* TASK GOAL *
From the line below that contains "#213=CARTESIAN_POINT('',(1.60288449180257E-12,770.,4.));" to the line that contains "#259=VECTOR('',#258,1.);", repeat every line exactly, both ends included, and nothing else.

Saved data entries

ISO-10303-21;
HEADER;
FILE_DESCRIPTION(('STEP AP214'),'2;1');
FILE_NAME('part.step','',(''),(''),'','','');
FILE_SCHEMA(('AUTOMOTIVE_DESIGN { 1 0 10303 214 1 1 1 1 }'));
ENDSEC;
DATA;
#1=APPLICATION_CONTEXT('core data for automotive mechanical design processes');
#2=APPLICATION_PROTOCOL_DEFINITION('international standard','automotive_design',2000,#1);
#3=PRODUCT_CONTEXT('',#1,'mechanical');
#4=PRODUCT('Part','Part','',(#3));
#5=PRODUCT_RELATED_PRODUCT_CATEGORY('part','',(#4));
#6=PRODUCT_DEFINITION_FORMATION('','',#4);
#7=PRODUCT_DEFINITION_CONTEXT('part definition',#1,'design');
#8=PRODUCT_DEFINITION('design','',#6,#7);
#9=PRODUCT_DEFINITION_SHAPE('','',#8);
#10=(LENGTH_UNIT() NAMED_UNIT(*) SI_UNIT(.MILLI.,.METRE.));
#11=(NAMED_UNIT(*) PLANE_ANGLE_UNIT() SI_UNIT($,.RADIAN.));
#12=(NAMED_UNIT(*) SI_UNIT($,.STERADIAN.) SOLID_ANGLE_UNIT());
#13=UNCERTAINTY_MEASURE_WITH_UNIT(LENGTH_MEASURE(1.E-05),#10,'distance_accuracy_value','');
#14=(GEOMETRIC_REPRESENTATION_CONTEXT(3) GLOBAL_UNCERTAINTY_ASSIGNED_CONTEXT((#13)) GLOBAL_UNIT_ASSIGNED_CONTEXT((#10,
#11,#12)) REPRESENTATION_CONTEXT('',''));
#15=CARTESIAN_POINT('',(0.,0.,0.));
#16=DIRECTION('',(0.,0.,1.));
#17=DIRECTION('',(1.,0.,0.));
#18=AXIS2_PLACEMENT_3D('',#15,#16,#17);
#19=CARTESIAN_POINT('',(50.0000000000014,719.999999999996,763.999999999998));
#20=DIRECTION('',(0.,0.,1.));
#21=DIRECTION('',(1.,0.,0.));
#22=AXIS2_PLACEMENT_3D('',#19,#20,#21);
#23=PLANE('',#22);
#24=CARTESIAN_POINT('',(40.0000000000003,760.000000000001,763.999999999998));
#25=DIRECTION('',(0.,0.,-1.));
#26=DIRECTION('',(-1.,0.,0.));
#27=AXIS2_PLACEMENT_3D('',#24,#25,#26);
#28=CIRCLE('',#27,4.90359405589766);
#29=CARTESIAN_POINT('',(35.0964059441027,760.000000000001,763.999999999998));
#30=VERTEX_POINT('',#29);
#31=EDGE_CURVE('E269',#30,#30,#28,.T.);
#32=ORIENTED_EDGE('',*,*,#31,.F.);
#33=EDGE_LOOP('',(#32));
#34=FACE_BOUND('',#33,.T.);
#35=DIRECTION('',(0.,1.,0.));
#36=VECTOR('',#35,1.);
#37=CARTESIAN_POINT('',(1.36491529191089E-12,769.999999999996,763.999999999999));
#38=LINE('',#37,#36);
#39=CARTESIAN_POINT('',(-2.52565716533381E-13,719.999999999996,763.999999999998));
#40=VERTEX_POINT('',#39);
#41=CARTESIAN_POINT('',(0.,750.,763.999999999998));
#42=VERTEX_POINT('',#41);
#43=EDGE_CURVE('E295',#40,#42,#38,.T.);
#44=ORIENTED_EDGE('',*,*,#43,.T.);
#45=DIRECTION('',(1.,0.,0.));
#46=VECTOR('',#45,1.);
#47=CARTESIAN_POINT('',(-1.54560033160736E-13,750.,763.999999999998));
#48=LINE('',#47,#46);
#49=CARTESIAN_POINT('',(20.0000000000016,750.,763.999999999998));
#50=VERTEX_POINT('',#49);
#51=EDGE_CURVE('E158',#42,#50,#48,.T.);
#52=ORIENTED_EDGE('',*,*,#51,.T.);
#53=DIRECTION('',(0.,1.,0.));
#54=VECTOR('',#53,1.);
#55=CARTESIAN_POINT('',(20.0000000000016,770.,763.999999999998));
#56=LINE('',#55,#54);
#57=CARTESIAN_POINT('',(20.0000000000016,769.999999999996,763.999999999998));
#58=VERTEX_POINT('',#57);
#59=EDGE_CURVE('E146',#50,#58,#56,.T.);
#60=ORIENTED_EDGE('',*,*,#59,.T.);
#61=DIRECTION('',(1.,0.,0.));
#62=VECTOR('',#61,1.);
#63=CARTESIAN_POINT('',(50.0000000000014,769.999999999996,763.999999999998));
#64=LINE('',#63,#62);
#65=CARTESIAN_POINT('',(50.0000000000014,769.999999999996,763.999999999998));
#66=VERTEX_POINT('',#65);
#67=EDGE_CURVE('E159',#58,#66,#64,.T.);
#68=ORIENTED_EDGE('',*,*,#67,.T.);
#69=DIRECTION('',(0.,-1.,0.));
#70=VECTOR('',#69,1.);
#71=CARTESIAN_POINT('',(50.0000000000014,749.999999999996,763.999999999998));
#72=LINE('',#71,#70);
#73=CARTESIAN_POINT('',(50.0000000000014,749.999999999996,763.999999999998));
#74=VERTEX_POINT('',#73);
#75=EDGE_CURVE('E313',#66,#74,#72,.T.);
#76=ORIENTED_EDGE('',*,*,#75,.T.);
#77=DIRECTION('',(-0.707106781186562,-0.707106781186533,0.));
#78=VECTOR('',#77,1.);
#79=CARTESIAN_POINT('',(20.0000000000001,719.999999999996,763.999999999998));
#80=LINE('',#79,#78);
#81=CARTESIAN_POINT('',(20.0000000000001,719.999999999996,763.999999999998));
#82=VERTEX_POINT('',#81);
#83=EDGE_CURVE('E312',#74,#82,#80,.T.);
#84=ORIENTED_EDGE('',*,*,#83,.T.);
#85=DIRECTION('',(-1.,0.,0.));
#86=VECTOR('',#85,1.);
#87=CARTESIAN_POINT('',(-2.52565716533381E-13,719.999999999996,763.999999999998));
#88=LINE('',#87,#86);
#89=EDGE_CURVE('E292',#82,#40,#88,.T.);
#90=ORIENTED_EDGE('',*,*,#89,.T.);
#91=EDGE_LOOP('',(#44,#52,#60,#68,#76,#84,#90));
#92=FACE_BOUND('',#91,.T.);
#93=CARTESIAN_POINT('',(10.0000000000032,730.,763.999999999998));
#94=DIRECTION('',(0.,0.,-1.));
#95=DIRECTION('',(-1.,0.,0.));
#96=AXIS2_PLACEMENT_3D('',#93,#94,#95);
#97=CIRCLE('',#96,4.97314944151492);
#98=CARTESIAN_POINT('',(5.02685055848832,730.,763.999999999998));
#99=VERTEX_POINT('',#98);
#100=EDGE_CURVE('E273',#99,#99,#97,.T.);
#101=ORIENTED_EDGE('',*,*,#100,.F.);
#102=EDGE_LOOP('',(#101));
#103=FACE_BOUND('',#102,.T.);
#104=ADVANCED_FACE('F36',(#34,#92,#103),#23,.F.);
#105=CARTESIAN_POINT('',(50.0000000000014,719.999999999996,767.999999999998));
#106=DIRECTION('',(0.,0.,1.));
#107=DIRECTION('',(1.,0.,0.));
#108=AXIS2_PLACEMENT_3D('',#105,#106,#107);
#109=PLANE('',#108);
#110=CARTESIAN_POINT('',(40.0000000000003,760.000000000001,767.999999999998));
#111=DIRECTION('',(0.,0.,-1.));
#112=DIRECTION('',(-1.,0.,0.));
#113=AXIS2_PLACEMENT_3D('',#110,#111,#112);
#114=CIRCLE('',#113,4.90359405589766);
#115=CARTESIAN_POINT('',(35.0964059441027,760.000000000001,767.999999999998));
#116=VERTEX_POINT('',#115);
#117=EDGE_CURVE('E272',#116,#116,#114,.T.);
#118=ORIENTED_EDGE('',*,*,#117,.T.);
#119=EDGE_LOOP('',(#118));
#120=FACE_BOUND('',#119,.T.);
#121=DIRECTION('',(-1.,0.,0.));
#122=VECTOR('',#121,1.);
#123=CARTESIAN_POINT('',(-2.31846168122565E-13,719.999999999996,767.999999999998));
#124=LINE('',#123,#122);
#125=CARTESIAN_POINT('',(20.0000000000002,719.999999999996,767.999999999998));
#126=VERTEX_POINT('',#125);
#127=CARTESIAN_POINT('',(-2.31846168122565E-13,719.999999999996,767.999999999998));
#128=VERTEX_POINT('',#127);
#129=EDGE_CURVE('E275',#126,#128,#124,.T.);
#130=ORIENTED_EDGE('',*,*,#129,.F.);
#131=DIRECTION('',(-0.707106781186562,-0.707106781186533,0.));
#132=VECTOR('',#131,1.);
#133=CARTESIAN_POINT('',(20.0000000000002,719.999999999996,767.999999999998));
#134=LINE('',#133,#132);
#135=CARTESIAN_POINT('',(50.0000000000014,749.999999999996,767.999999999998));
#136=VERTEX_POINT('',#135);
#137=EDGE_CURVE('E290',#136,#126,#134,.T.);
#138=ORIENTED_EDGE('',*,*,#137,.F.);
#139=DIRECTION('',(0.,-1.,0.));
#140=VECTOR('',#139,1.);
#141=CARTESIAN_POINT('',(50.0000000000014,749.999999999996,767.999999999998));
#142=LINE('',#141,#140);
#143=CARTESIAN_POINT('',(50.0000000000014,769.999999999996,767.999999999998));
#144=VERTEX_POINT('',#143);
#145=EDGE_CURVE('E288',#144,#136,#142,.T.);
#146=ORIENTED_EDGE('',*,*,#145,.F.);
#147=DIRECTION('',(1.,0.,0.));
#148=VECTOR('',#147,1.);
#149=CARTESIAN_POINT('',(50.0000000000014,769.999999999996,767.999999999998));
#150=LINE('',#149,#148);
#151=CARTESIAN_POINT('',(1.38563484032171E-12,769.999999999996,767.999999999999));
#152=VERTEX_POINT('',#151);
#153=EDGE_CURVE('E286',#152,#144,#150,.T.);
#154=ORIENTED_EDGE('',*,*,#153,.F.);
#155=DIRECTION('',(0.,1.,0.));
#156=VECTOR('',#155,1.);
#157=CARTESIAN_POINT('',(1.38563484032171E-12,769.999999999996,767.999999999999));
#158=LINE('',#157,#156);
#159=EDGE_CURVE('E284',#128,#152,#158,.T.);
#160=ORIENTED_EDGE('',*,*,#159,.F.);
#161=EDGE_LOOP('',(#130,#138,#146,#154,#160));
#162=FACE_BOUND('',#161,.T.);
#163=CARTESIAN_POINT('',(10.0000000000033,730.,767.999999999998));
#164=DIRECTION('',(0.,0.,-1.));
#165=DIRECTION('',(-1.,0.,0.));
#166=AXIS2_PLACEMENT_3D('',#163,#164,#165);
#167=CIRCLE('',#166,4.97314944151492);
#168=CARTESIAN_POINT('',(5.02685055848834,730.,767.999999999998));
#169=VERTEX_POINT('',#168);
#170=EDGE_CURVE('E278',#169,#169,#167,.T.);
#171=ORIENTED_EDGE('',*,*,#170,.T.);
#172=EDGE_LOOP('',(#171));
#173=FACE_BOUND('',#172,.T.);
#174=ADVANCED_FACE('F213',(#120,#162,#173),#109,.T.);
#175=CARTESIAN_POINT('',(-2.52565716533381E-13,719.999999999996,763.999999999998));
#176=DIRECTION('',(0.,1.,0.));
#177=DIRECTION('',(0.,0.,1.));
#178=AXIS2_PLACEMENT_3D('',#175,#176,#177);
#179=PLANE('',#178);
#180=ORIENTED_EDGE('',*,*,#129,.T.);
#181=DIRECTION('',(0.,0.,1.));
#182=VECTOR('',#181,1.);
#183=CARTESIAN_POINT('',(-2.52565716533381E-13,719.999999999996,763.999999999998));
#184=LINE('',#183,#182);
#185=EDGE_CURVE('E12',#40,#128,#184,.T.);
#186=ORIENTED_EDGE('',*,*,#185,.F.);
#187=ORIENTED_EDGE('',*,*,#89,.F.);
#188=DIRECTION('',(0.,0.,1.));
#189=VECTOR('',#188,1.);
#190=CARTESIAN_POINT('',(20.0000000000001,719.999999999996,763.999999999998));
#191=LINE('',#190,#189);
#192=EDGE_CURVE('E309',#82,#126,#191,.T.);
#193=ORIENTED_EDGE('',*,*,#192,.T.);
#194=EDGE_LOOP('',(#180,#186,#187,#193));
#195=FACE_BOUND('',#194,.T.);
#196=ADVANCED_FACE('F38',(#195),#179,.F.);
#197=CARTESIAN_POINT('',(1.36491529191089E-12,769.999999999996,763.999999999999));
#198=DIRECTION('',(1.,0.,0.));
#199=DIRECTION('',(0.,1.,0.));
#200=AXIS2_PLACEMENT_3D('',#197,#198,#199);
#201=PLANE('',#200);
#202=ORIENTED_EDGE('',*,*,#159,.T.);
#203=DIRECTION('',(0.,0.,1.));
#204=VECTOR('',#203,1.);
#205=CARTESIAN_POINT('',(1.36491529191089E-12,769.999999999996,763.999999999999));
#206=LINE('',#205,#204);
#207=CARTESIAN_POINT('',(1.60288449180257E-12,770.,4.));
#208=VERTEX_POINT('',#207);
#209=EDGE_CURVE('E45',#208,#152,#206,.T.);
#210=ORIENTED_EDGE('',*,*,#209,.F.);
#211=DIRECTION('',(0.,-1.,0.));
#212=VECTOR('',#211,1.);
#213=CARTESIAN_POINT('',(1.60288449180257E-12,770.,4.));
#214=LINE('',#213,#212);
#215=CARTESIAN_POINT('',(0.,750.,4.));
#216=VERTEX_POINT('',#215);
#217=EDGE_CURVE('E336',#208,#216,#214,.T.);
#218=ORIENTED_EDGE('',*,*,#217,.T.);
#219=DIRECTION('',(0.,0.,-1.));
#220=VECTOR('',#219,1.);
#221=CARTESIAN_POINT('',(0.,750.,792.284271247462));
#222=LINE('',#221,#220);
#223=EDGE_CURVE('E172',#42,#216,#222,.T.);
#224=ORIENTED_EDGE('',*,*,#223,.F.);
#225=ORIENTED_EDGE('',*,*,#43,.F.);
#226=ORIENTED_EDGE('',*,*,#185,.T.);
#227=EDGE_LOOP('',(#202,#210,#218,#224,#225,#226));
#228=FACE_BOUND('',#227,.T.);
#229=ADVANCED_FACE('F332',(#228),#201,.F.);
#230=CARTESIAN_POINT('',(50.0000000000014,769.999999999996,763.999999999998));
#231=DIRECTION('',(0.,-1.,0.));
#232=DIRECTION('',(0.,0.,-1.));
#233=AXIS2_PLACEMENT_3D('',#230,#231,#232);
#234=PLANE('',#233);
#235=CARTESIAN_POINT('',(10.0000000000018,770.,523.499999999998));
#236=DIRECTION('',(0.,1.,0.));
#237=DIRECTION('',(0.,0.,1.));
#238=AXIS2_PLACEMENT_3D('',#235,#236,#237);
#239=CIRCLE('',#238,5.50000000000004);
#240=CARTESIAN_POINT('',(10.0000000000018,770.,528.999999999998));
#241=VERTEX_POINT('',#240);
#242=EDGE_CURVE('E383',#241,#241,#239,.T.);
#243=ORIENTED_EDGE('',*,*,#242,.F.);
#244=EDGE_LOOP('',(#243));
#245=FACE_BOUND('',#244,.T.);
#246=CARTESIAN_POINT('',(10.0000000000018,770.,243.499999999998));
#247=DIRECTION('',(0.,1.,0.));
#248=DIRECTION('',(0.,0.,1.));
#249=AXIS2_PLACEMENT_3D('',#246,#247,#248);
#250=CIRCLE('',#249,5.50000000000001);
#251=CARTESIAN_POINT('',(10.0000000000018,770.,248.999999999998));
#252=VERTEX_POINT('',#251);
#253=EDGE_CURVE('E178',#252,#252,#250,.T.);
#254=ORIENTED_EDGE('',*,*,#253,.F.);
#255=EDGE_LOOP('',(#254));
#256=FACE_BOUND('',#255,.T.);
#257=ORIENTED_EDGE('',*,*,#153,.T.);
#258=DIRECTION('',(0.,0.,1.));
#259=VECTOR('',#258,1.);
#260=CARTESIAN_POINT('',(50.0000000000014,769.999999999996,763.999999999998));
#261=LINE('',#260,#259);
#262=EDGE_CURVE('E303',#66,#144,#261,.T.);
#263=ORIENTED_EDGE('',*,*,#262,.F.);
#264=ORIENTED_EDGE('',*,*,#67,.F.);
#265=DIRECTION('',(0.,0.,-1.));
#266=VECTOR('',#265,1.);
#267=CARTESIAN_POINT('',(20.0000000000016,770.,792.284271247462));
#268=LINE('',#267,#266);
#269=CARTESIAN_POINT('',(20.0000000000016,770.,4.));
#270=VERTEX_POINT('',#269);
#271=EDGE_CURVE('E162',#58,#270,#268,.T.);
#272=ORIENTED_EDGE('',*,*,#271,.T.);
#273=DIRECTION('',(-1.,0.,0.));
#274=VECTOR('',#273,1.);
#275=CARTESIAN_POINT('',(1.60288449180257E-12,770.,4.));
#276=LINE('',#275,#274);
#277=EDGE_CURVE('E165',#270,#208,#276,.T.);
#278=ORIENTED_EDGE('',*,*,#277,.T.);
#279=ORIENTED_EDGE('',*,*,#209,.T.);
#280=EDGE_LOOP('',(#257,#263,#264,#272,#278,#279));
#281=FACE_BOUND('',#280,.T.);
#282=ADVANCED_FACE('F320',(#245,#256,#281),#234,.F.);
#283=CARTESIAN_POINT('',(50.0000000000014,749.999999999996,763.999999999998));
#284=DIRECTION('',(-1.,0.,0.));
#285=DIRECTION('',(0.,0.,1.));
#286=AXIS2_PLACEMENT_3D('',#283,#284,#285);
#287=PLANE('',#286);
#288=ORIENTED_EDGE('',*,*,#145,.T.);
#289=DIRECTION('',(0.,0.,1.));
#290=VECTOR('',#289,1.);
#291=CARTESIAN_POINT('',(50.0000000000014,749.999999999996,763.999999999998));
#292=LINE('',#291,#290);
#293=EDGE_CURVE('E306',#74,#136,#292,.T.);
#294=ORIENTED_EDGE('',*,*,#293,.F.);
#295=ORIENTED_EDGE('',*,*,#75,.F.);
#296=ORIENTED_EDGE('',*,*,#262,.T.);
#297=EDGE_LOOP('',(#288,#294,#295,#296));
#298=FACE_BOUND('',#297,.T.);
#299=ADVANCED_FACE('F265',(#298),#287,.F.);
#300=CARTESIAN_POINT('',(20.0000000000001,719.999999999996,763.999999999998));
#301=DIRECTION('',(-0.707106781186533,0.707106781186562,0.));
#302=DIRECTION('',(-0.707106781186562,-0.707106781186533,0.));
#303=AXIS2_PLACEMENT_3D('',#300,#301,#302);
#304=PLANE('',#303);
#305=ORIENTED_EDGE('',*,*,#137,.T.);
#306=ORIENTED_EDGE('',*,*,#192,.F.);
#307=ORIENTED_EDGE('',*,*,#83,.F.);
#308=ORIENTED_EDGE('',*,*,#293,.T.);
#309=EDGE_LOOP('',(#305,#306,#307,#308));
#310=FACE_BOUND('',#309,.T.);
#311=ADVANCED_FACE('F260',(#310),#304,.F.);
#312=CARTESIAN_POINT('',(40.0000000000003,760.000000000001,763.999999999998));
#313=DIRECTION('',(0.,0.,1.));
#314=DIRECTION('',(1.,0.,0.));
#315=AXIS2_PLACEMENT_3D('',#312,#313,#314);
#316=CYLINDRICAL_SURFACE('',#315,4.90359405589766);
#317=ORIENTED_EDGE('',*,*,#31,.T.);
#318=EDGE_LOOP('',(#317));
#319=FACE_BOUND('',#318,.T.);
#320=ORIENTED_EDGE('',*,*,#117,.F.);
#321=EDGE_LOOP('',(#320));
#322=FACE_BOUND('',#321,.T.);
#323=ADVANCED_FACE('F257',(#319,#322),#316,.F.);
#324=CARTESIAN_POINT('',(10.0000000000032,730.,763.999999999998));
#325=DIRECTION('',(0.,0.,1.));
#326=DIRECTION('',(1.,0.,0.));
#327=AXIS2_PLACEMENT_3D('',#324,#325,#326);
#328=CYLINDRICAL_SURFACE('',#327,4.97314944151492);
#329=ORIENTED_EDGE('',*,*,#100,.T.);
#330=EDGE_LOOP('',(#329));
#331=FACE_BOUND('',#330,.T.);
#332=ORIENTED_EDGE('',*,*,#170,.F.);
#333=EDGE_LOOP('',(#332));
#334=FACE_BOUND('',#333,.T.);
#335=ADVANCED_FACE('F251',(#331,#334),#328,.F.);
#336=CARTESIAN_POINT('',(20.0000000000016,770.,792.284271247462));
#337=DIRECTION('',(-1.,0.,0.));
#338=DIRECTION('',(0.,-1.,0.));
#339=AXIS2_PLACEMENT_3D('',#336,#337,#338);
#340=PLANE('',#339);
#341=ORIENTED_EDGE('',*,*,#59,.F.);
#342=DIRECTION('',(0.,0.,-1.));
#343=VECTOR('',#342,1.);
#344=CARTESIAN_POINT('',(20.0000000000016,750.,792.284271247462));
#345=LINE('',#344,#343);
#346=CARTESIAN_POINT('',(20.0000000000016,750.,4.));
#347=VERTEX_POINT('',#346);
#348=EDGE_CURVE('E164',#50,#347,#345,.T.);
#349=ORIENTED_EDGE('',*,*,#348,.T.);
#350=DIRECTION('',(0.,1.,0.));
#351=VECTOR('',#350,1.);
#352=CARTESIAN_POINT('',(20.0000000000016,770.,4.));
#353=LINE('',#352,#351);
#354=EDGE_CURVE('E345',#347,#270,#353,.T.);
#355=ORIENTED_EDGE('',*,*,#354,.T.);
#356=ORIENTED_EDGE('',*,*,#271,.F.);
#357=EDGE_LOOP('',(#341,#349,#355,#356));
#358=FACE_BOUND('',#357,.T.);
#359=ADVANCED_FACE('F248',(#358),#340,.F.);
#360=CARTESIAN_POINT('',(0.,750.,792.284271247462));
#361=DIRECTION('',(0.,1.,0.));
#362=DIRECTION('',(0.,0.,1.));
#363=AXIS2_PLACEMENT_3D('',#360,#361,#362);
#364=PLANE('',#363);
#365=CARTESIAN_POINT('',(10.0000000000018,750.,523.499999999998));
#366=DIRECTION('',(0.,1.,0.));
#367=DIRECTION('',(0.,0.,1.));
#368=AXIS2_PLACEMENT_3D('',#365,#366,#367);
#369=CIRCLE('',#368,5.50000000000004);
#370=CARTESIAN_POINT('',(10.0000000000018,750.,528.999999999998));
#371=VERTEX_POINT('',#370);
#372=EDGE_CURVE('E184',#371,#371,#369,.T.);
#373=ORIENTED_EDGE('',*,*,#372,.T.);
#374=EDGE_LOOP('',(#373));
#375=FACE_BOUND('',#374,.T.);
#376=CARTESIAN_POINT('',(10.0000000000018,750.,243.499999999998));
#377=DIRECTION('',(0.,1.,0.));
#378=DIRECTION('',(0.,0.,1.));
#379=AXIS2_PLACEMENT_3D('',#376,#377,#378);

* THE ANSWER *
#213=CARTESIAN_POINT('',(1.60288449180257E-12,770.,4.));
#214=LINE('',#213,#212);
#215=CARTESIAN_POINT('',(0.,750.,4.));
#216=VERTEX_POINT('',#215);
#217=EDGE_CURVE('E336',#208,#216,#214,.T.);
#218=ORIENTED_EDGE('',*,*,#217,.T.);
#219=DIRECTION('',(0.,0.,-1.));
#220=VECTOR('',#219,1.);
#221=CARTESIAN_POINT('',(0.,750.,792.284271247462));
#222=LINE('',#221,#220);
#223=EDGE_CURVE('E172',#42,#216,#222,.T.);
#224=ORIENTED_EDGE('',*,*,#223,.F.);
#225=ORIENTED_EDGE('',*,*,#43,.F.);
#226=ORIENTED_EDGE('',*,*,#185,.T.);
#227=EDGE_LOOP('',(#202,#210,#218,#224,#225,#226));
#228=FACE_BOUND('',#227,.T.);
#229=ADVANCED_FACE('F332',(#228),#201,.F.);
#230=CARTESIAN_POINT('',(50.0000000000014,769.999999999996,763.999999999998));
#231=DIRECTION('',(0.,-1.,0.));
#232=DIRECTION('',(0.,0.,-1.));
#233=AXIS2_PLACEMENT_3D('',#230,#231,#232);
#234=PLANE('',#233);
#235=CARTESIAN_POINT('',(10.0000000000018,770.,523.499999999998));
#236=DIRECTION('',(0.,1.,0.));
#237=DIRECTION('',(0.,0.,1.));
#238=AXIS2_PLACEMENT_3D('',#235,#236,#237);
#239=CIRCLE('',#238,5.50000000000004);
#240=CARTESIAN_POINT('',(10.0000000000018,770.,528.999999999998));
#241=VERTEX_POINT('',#240);
#242=EDGE_CURVE('E383',#241,#241,#239,.T.);
#243=ORIENTED_EDGE('',*,*,#242,.F.);
#244=EDGE_LOOP('',(#243));
#245=FACE_BOUND('',#244,.T.);
#246=CARTESIAN_POINT('',(10.0000000000018,770.,243.499999999998));
#247=DIRECTION('',(0.,1.,0.));
#248=DIRECTION('',(0.,0.,1.));
#249=AXIS2_PLACEMENT_3D('',#246,#247,#248);
#250=CIRCLE('',#249,5.50000000000001);
#251=CARTESIAN_POINT('',(10.0000000000018,770.,248.999999999998));
#252=VERTEX_POINT('',#251);
#253=EDGE_CURVE('E178',#252,#252,#250,.T.);
#254=ORIENTED_EDGE('',*,*,#253,.F.);
#255=EDGE_LOOP('',(#254));
#256=FACE_BOUND('',#255,.T.);
#257=ORIENTED_EDGE('',*,*,#153,.T.);
#258=DIRECTION('',(0.,0.,1.));
#259=VECTOR('',#258,1.);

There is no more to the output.